Sorry came to this late (my ears are burning & my spies failed to prompt me. There are 2 oversize steps for the frame/steerer hinge pins (ream & press in new pins). This can be done with a hammer & centre punch but works better with a fly-press and the right mandrels.
At 12 years you'll have a Mk 4-6 (Long Wheelbase) frame, which has the machine brazed hinge lugs - these do not fail.... often. I've only broken one, and it was an early Mk 4 where the main tubes were not seamless, and a small crack developed on the seam-line, possibly after a wee shunt. I've ripped around 6 SWB front ends apart.

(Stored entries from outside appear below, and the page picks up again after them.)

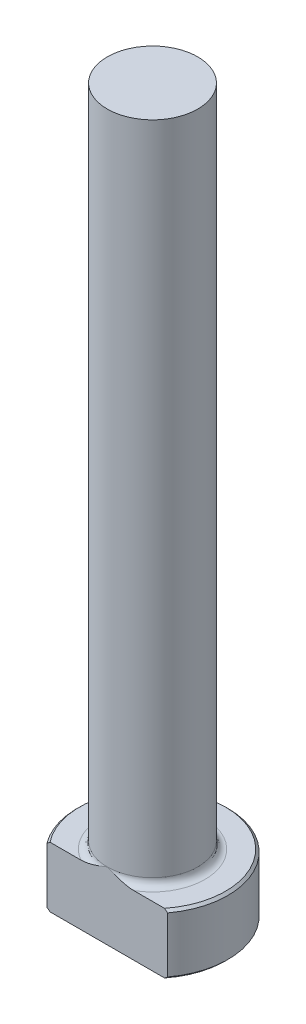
ISO-10303-21;
HEADER;
FILE_DESCRIPTION(('STEP AP214'),'2;1');
FILE_NAME('part.step','',(''),(''),'','','');
FILE_SCHEMA(('AUTOMOTIVE_DESIGN { 1 0 10303 214 1 1 1 1 }'));
ENDSEC;
DATA;
#1=APPLICATION_CONTEXT('core data for automotive mechanical design processes');
#2=APPLICATION_PROTOCOL_DEFINITION('international standard','automotive_design',2000,#1);
#3=PRODUCT_CONTEXT('',#1,'mechanical');
#4=PRODUCT('Part','Part','',(#3));
#5=PRODUCT_RELATED_PRODUCT_CATEGORY('part','',(#4));
#6=PRODUCT_DEFINITION_FORMATION('','',#4);
#7=PRODUCT_DEFINITION_CONTEXT('part definition',#1,'design');
#8=PRODUCT_DEFINITION('design','',#6,#7);
#9=PRODUCT_DEFINITION_SHAPE('','',#8);
#10=(LENGTH_UNIT() NAMED_UNIT(*) SI_UNIT(.MILLI.,.METRE.));
#11=(NAMED_UNIT(*) PLANE_ANGLE_UNIT() SI_UNIT($,.RADIAN.));
#12=(NAMED_UNIT(*) SI_UNIT($,.STERADIAN.) SOLID_ANGLE_UNIT());
#13=UNCERTAINTY_MEASURE_WITH_UNIT(LENGTH_MEASURE(1.E-05),#10,'distance_accuracy_value','');
#14=(GEOMETRIC_REPRESENTATION_CONTEXT(3) GLOBAL_UNCERTAINTY_ASSIGNED_CONTEXT((#13)) GLOBAL_UNIT_ASSIGNED_CONTEXT((#10,
#11,#12)) REPRESENTATION_CONTEXT('',''));
#15=CARTESIAN_POINT('',(0.,0.,0.));
#16=DIRECTION('',(0.,0.,1.));
#17=DIRECTION('',(1.,0.,0.));
#18=AXIS2_PLACEMENT_3D('',#15,#16,#17);
#19=CARTESIAN_POINT('',(0.,0.,0.));
#20=DIRECTION('',(0.,-1.,0.));
#21=DIRECTION('',(0.,0.,-1.));
#22=AXIS2_PLACEMENT_3D('',#19,#20,#21);
#23=PLANE('',#22);
#24=CARTESIAN_POINT('',(0.,0.,0.));
#25=DIRECTION('',(0.,-1.,0.));
#26=DIRECTION('',(0.,0.,-1.));
#27=AXIS2_PLACEMENT_3D('',#24,#25,#26);
#28=CIRCLE('',#27,7.68349999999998);
#29=CARTESIAN_POINT('',(-6.02949135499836,0.,4.76249999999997));
#30=VERTEX_POINT('',#29);
#31=CARTESIAN_POINT('',(6.02949135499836,0.,4.76249999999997));
#32=VERTEX_POINT('',#31);
#33=EDGE_CURVE('E98',#30,#32,#28,.T.);
#34=ORIENTED_EDGE('',*,*,#33,.T.);
#35=DIRECTION('',(-1.,0.,0.));
#36=VECTOR('',#35,1.);
#37=CARTESIAN_POINT('',(-6.34999999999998,0.,4.76249999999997));
#38=LINE('',#37,#36);
#39=EDGE_CURVE('E83',#32,#30,#38,.T.);
#40=ORIENTED_EDGE('',*,*,#39,.T.);
#41=EDGE_LOOP('',(#34,#40));
#42=FACE_BOUND('',#41,.T.);
#43=ADVANCED_FACE('F32',(#42),#23,.T.);
#44=CARTESIAN_POINT('',(0.,259.958771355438,0.));
#45=DIRECTION('',(0.,1.,0.));
#46=DIRECTION('',(0.,0.,1.));
#47=AXIS2_PLACEMENT_3D('',#44,#45,#46);
#48=CYLINDRICAL_SURFACE('',#47,7.93749999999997);
#49=CARTESIAN_POINT('',(0.,6.09600000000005,0.));
#50=DIRECTION('',(0.,1.,0.));
#51=DIRECTION('',(0.,0.,1.));
#52=AXIS2_PLACEMENT_3D('',#49,#50,#51);
#53=CIRCLE('',#52,7.93749999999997);
#54=CARTESIAN_POINT('',(-6.34999999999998,6.09600000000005,4.76249999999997));
#55=VERTEX_POINT('',#54);
#56=CARTESIAN_POINT('',(6.34999999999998,6.09600000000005,4.76249999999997));
#57=VERTEX_POINT('',#56);
#58=EDGE_CURVE('E104',#55,#57,#53,.F.);
#59=ORIENTED_EDGE('',*,*,#58,.T.);
#60=DIRECTION('',(0.,-1.,0.));
#61=VECTOR('',#60,1.);
#62=CARTESIAN_POINT('',(6.34999999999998,76.2,4.76249999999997));
#63=LINE('',#62,#61);
#64=CARTESIAN_POINT('',(6.34999999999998,0.253999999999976,4.76249999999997));
#65=VERTEX_POINT('',#64);
#66=EDGE_CURVE('E183',#57,#65,#63,.T.);
#67=ORIENTED_EDGE('',*,*,#66,.T.);
#68=CARTESIAN_POINT('',(0.,0.253999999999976,0.));
#69=DIRECTION('',(0.,-1.,0.));
#70=DIRECTION('',(0.,0.,-1.));
#71=AXIS2_PLACEMENT_3D('',#68,#69,#70);
#72=CIRCLE('',#71,7.93749999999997);
#73=CARTESIAN_POINT('',(-6.34999999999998,0.253999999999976,4.76249999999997));
#74=VERTEX_POINT('',#73);
#75=EDGE_CURVE('E100',#65,#74,#72,.F.);
#76=ORIENTED_EDGE('',*,*,#75,.T.);
#77=DIRECTION('',(0.,-1.,0.));
#78=VECTOR('',#77,1.);
#79=CARTESIAN_POINT('',(-6.34999999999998,76.2,4.76249999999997));
#80=LINE('',#79,#78);
#81=EDGE_CURVE('E93',#55,#74,#80,.T.);
#82=ORIENTED_EDGE('',*,*,#81,.F.);
#83=EDGE_LOOP('',(#59,#67,#76,#82));
#84=FACE_BOUND('',#83,.T.);
#85=ADVANCED_FACE('F158',(#84),#48,.T.);
#86=CARTESIAN_POINT('',(-7.93749999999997,6.35,0.));
#87=DIRECTION('',(0.,1.,0.));
#88=DIRECTION('',(0.,0.,1.));
#89=AXIS2_PLACEMENT_3D('',#86,#87,#88);
#90=PLANE('',#89);
#91=CARTESIAN_POINT('',(0.,6.35,0.));
#92=DIRECTION('',(0.,1.,0.));
#93=DIRECTION('',(0.,0.,1.));
#94=AXIS2_PLACEMENT_3D('',#91,#92,#93);
#95=CIRCLE('',#94,7.68350000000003);
#96=CARTESIAN_POINT('',(6.02949135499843,6.35,4.76249999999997));
#97=VERTEX_POINT('',#96);
#98=CARTESIAN_POINT('',(-6.02949135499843,6.35,4.76249999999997));
#99=VERTEX_POINT('',#98);
#100=EDGE_CURVE('E178',#97,#99,#95,.T.);
#101=ORIENTED_EDGE('',*,*,#100,.T.);
#102=DIRECTION('',(1.,0.,0.));
#103=VECTOR('',#102,1.);
#104=CARTESIAN_POINT('',(-7.93749999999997,6.35,4.76249999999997));
#105=LINE('',#104,#103);
#106=CARTESIAN_POINT('',(-2.79976677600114,6.35000000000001,4.76249999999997));
#107=VERTEX_POINT('',#106);
#108=EDGE_CURVE('E57',#99,#107,#105,.T.);
#109=ORIENTED_EDGE('',*,*,#108,.T.);
#110=CARTESIAN_POINT('',(0.,6.35,0.));
#111=DIRECTION('',(0.,1.,0.));
#112=DIRECTION('',(0.,0.,1.));
#113=AXIS2_PLACEMENT_3D('',#110,#111,#112);
#114=CIRCLE('',#113,5.52449999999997);
#115=CARTESIAN_POINT('',(2.79976677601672,6.35000000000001,4.76249999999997));
#116=VERTEX_POINT('',#115);
#117=EDGE_CURVE('E107',#107,#116,#114,.F.);
#118=ORIENTED_EDGE('',*,*,#117,.T.);
#119=EDGE_CURVE('E136',#116,#97,#105,.T.);
#120=ORIENTED_EDGE('',*,*,#119,.T.);
#121=EDGE_LOOP('',(#101,#109,#118,#120));
#122=FACE_BOUND('',#121,.T.);
#123=ADVANCED_FACE('F147',(#122),#90,.T.);
#124=CARTESIAN_POINT('',(0.,6.35000000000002,0.));
#125=DIRECTION('',(0.,-1.,0.));
#126=DIRECTION('',(0.,0.,-1.));
#127=AXIS2_PLACEMENT_3D('',#124,#125,#126);
#128=CONICAL_SURFACE('',#127,7.68350000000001,0.785398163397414);
#129=ORIENTED_EDGE('',*,*,#58,.F.);
#130=CARTESIAN_POINT('',(-13.9717238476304,-0.727613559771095,4.76249999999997));
#131=CARTESIAN_POINT('',(-13.7440124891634,-0.512084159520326,4.76249999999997));
#132=CARTESIAN_POINT('',(-13.5160318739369,-0.296838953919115,4.76249999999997));
#133=CARTESIAN_POINT('',(-13.0594385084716,0.132982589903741,4.76249999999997));
#134=CARTESIAN_POINT('',(-12.8308257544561,0.347558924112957,4.76249999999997));
#135=CARTESIAN_POINT('',(-12.1433698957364,0.990628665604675,4.76249999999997));
#136=CARTESIAN_POINT('',(-11.683438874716,1.41796058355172,4.76249999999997));
#137=CARTESIAN_POINT('',(-10.7398192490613,2.28660831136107,4.76249999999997));
#138=CARTESIAN_POINT('',(-10.2559580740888,2.72773732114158,4.76249999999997));
#139=CARTESIAN_POINT('',(-9.52579613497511,3.3840413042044,4.76249999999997));
#140=CARTESIAN_POINT('',(-9.28181372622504,3.60179461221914,4.76249999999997));
#141=CARTESIAN_POINT('',(-8.79195583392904,4.03515959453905,4.76249999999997));
#142=CARTESIAN_POINT('',(-8.54608036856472,4.25077128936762,4.76249999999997));
#143=CARTESIAN_POINT('',(-8.0523506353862,4.67899963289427,4.76249999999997));
#144=CARTESIAN_POINT('',(-7.80449972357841,4.89162014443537,4.76249999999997));
#145=CARTESIAN_POINT('',(-7.30587283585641,5.31343752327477,4.76249999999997));
#146=CARTESIAN_POINT('',(-7.05509670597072,5.52263420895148,4.76249999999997));
#147=CARTESIAN_POINT('',(-6.54895570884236,5.9372628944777,4.76249999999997));
#148=CARTESIAN_POINT('',(-6.29357776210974,6.14267898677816,4.76249999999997));
#149=CARTESIAN_POINT('',(-5.77806261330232,6.54738613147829,4.76249999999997));
#150=CARTESIAN_POINT('',(-5.51792616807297,6.7466781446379,4.76249999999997));
#151=CARTESIAN_POINT('',(-4.99669315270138,7.13290361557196,4.76249999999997));
#152=CARTESIAN_POINT('',(-4.73572280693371,7.32000565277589,4.76249999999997));
#153=CARTESIAN_POINT('',(-4.33820944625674,7.59205599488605,4.76249999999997));
#154=CARTESIAN_POINT('',(-4.2046360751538,7.68134253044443,4.76249999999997));
#155=CARTESIAN_POINT('',(-3.93520014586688,7.85638938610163,4.76249999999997));
#156=CARTESIAN_POINT('',(-3.79933771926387,7.94214990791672,4.76249999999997));
#157=CARTESIAN_POINT('',(-3.52582078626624,8.10887856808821,4.76249999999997));
#158=CARTESIAN_POINT('',(-3.38818211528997,8.18987258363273,4.76249999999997));
#159=CARTESIAN_POINT('',(-3.10994368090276,8.34667799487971,4.76249999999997));
#160=CARTESIAN_POINT('',(-2.96934354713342,8.42248873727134,4.76249999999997));
#161=CARTESIAN_POINT('',(-2.68509318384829,8.5675857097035,4.76249999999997));
#162=CARTESIAN_POINT('',(-2.54144841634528,8.63688258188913,4.76249999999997));
#163=CARTESIAN_POINT('',(-2.25062082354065,8.76758710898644,4.76249999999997));
#164=CARTESIAN_POINT('',(-2.10343915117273,8.8289972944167,4.76249999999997));
#165=CARTESIAN_POINT('',(-1.88433335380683,8.91218004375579,4.76249999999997));
#166=CARTESIAN_POINT('',(-1.81383186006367,8.93772120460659,4.76249999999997));
#167=CARTESIAN_POINT('',(-1.67202052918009,8.98645907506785,4.76249999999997));
#168=CARTESIAN_POINT('',(-1.6007106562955,9.00965568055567,4.76249999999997));
#169=CARTESIAN_POINT('',(-1.38555472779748,9.07542289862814,4.76249999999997));
#170=CARTESIAN_POINT('',(-1.24050522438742,9.11416209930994,4.76249999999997));
#171=CARTESIAN_POINT('',(-0.948515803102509,9.17953563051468,4.76249999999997));
#172=CARTESIAN_POINT('',(-0.801590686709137,9.20623542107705,4.76249999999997));
#173=CARTESIAN_POINT('',(-0.505930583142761,9.24644001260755,4.76249999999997));
#174=CARTESIAN_POINT('',(-0.3571958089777,9.25994635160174,4.76249999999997));
#175=CARTESIAN_POINT('',(-0.0580773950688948,9.27300540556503,4.76249999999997));
#176=CARTESIAN_POINT('',(0.0923105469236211,9.27246142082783,4.76249999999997));
#177=CARTESIAN_POINT('',(0.392354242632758,9.25721584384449,4.76249999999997));
#178=CARTESIAN_POINT('',(0.542009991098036,9.24251415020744,4.76249999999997));
#179=CARTESIAN_POINT('',(0.840076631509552,9.19973713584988,4.76249999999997));
#180=CARTESIAN_POINT('',(0.988478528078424,9.17160009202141,4.76249999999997));
#181=CARTESIAN_POINT('',(1.28250292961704,9.1034143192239,4.76249999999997));
#182=CARTESIAN_POINT('',(1.42812484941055,9.06336311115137,4.76249999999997));
#183=CARTESIAN_POINT('',(1.80157652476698,8.94630142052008,4.76249999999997));
#184=CARTESIAN_POINT('',(2.02694427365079,8.86145845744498,4.76249999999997));
#185=CARTESIAN_POINT('',(2.46947102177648,8.67257542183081,4.76249999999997));
#186=CARTESIAN_POINT('',(2.6866230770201,8.56851952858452,4.76249999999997));
#187=CARTESIAN_POINT('',(3.00782565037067,8.40144847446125,4.76249999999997));
#188=CARTESIAN_POINT('',(3.11463323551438,8.34362692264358,4.76249999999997));
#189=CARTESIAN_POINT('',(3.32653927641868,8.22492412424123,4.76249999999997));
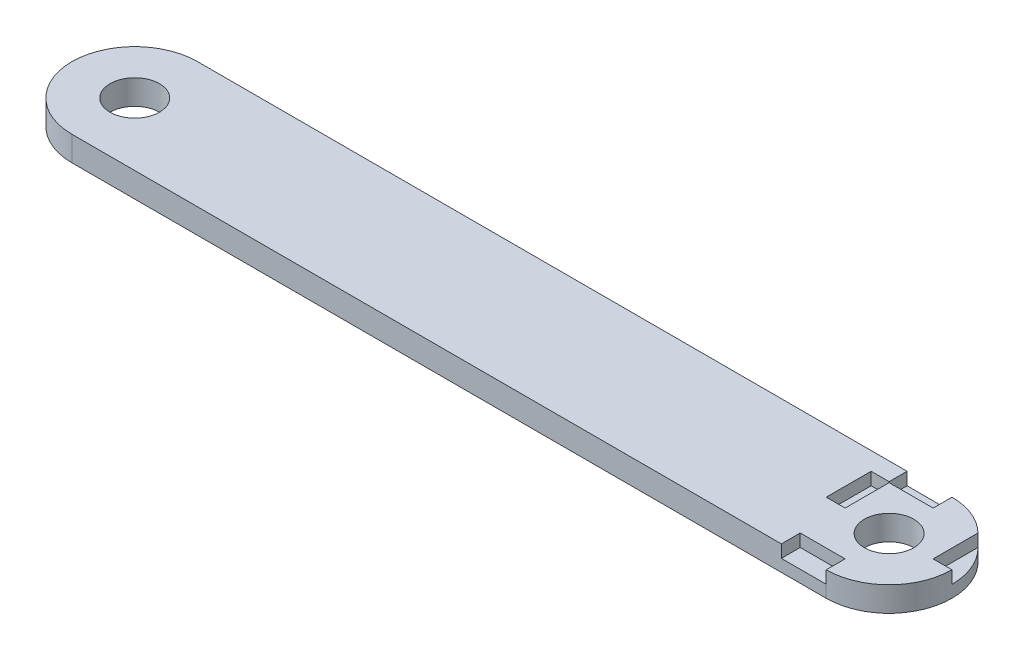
from build123d import *

# Parameters (mm, degrees)
BOSS_EXTRUDE1_DEPTH = 5
SKETCH2_R           = 5
CUT_EXTRUDE1_DEPTH  = 5
SKETCH3_W           = 9.069614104
SKETCH3_H           = 3.81
CUT_EXTRUDE2_DEPTH  = 2.54
CIRPATTERN1_COUNT   = 2
CIRPATTERN1_ANGLE   = 270


with BuildPart() as part:
    # Sketch1 → Boss-Extrude1 (new body)
    with BuildSketch(Plane(origin=(0, 0, 0), x_dir=(1, 0, 0), z_dir=(0, 1, 0))):
        with BuildLine():
            Line((-73.554166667, 11.377083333), (78.845833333, 11.377083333))
            ThreePointArc((78.845833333, 11.377083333), (91.545833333, -1.322916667), (78.845833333, -14.022916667))
            Line((78.845833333, -14.022916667), (-73.554166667, -14.022916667))
            ThreePointArc((-73.554166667, -14.022916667), (-86.254166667, -1.322916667), (-73.554166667, 11.377083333))
        make_face()
    extrude(amount=BOSS_EXTRUDE1_DEPTH)

    # Sketch2 → Cut-Extrude1 (cut)
    with BuildSketch(Plane(origin=(0, 0, 0), x_dir=(1, 0, 0), z_dir=(0, 1, 0))):
        with Locations(Location((-73.554166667, -1.322916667, 0), (0, 0, 270))):
            Circle(SKETCH2_R)
        with Locations(Location((78.845833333, -1.322916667, 0), (0, 0, 270))):
            Circle(SKETCH2_R)
    extrude(amount=CUT_EXTRUDE1_DEPTH, mode=Mode.SUBTRACT)

    # Sketch3 → Cut-Extrude2 (cut)
    with BuildSketch(Plane(origin=(0, 5, 0), x_dir=(1, 0, 0), z_dir=(0, 1, 0))):
        with Locations((74.311026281, 9.472083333)):
            Rectangle(SKETCH3_W, SKETCH3_H)
        with Locations((74.311026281, -12.117916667)):
            Rectangle(SKETCH3_W, SKETCH3_H)
    cut_extrude2 = extrude(amount=-CUT_EXTRUDE2_DEPTH, mode=Mode.SUBTRACT)

    # CirPattern1: Cut-Extrude2 ×2 about axis
    cirpattern1_axis = Axis((78.845833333, 0, 1.322916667), (0, 1, 0))
    for i in range(1, CIRPATTERN1_COUNT):
        add(cut_extrude2.rotate(cirpattern1_axis, i * CIRPATTERN1_ANGLE / (CIRPATTERN1_COUNT - 1)), mode=Mode.SUBTRACT)


solid = part.part

The other wear I'd guess is rear pivot, once it gets really sloppy the chain will keep falling off. Can be re-bushed, & reamed with new pin. Later rear triangles have much thicker hinge plates, a better 'change of section' joint for the chain stays, and I've not ripped one of the new ones apart. A good move here is to fit brass washers in place of PTFE, and drill & tap for an M5 nipple to fire light grease in to the frame pivot pin. This hole also offers the handy option of replacing the nipple with a bolt, to lock the pin solid when tightening or trying to loosen the securing CSK bolts. Lubricating the pin vastly increases life/reduces wear.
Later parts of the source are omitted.